SJGC students scramble to get required courses

The SJGC building on FAMU’s campus. Photo courtesy: Rattler Nation

As the spring 2023 semester began, students in Florida A&M University’s School of Journalism & Graphic Communication were having a hard time getting enrolled in required courses. Some were in a near-panic because without those required courses, they won’t be eligible to apply for graduation this semester.

Beyla Walker, a graduating senior at FAMU, experienced issues when trying to enroll into an oral engagement course she needed — although it wasn’t actually being offered by FAMU this semester due to a lack of instructors.

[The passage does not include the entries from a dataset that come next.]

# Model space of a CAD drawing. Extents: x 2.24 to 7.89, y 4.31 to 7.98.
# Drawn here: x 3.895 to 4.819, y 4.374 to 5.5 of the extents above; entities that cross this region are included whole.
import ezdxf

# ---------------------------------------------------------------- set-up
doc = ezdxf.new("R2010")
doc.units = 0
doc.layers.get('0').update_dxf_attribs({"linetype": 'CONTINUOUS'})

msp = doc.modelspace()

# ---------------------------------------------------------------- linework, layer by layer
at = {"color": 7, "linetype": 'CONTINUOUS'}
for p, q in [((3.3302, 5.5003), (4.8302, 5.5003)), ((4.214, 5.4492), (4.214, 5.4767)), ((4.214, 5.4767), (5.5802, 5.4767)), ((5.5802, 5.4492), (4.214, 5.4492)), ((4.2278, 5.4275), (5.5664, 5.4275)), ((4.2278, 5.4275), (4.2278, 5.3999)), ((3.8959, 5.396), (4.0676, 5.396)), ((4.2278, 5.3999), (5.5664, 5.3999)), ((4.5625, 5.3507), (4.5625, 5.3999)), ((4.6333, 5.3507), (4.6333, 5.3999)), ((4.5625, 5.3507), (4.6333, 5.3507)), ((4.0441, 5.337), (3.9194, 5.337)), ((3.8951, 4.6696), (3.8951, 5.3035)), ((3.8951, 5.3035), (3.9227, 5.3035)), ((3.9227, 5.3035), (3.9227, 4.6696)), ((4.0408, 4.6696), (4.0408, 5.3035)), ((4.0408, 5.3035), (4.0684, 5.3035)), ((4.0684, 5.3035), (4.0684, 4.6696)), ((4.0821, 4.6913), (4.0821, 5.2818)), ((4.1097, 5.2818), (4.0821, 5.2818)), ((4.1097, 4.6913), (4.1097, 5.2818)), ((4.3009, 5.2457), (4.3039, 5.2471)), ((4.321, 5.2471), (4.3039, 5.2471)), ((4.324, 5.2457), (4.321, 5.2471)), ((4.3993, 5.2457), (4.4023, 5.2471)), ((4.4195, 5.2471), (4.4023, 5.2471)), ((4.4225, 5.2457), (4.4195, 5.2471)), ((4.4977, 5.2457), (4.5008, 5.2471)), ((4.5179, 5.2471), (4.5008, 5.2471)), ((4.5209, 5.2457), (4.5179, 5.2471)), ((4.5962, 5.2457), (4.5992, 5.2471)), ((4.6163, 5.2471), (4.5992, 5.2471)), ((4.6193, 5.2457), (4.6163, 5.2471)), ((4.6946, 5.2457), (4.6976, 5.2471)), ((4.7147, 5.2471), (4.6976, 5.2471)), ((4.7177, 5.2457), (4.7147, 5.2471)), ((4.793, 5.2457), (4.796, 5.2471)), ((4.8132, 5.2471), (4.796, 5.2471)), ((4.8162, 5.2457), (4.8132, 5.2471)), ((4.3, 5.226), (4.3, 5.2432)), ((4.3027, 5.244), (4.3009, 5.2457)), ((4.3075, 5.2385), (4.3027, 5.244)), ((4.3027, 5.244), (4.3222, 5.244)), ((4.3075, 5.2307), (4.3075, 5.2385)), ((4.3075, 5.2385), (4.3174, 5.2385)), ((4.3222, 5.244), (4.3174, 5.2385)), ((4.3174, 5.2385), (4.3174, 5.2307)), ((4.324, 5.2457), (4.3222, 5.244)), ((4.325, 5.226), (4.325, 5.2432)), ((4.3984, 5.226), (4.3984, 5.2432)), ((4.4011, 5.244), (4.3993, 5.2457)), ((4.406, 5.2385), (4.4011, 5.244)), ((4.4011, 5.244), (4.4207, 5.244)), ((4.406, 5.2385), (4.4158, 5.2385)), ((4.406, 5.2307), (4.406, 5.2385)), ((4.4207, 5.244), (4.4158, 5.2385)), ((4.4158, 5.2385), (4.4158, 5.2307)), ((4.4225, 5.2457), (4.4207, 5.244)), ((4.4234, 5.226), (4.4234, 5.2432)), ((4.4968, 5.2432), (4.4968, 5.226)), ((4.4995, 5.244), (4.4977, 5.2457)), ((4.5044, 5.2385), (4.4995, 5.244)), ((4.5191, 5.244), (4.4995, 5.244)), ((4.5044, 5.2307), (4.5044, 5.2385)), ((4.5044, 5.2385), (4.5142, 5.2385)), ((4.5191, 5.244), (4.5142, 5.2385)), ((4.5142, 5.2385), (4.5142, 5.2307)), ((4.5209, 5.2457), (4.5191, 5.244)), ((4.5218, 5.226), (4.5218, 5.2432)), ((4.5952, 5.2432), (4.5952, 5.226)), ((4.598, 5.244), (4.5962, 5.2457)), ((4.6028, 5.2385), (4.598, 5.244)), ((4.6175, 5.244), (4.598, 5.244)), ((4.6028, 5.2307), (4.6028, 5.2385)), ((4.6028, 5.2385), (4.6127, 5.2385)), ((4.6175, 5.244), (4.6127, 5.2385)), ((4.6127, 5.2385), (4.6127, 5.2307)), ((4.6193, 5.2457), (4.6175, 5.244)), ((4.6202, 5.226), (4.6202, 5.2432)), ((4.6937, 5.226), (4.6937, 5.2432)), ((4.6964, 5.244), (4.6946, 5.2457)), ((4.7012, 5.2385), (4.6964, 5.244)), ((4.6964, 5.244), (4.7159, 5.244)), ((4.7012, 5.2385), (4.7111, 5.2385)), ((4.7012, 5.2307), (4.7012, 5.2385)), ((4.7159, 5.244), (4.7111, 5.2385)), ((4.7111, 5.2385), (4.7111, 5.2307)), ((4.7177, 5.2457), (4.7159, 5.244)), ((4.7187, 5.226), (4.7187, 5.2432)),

“There was an email sent out for students to submit the courses they needed and oral engagement was one of the top courses we needed in order to graduate,” Walker said. “They ended up opening the course and having to find a qualified instructor to teach the course.

“In the future, I hope more qualified people apply to teach at FAMU. Maybe that way we as students don’t have to stress so much about completing graduation requirements.”

It seems a lack of instructors isn’t the only issue SJGC  is facing. There is also a lack of advisers for the school. During the fall semester, both of the assigned advisers either left or got promoted, leaving SJGC scrambling to hire more qualified individuals to assist in everyday student needs.

Robert Tucker II, a senior broadcast journalism major, was unable to find the necessary courses he needed and he also was without help in figuring out a solution.

“I believe the lack of advisers was a pivotal issue in getting my classes situated, along with other things,” Tucker said. “I had to go and speak to every administrator in the School of Journalism and Graphic Communication to figure out the matter. When I spoke with them, I also had to provide them with a list of over a dozen student names who were upset with potentially being set back. It was at that point it became a must that they found a way to make things better,” he said.

One would think the chaotic start to the new semester would end there, but a few students experienced even more dramatic experiences.

Khalyn Harris, a graduating senior, had an almost unthinkable thing happen while she was trying to swap a course into one of the required courses.

“I was trying to switch one of my classes so that I can have all of the required courses I needed for graduation when my adviser just disappeared and never responded to me,” Harris said. “I had to go to the head of the school to get assistance and even then I had to wait three to four days before someone reached out to help.”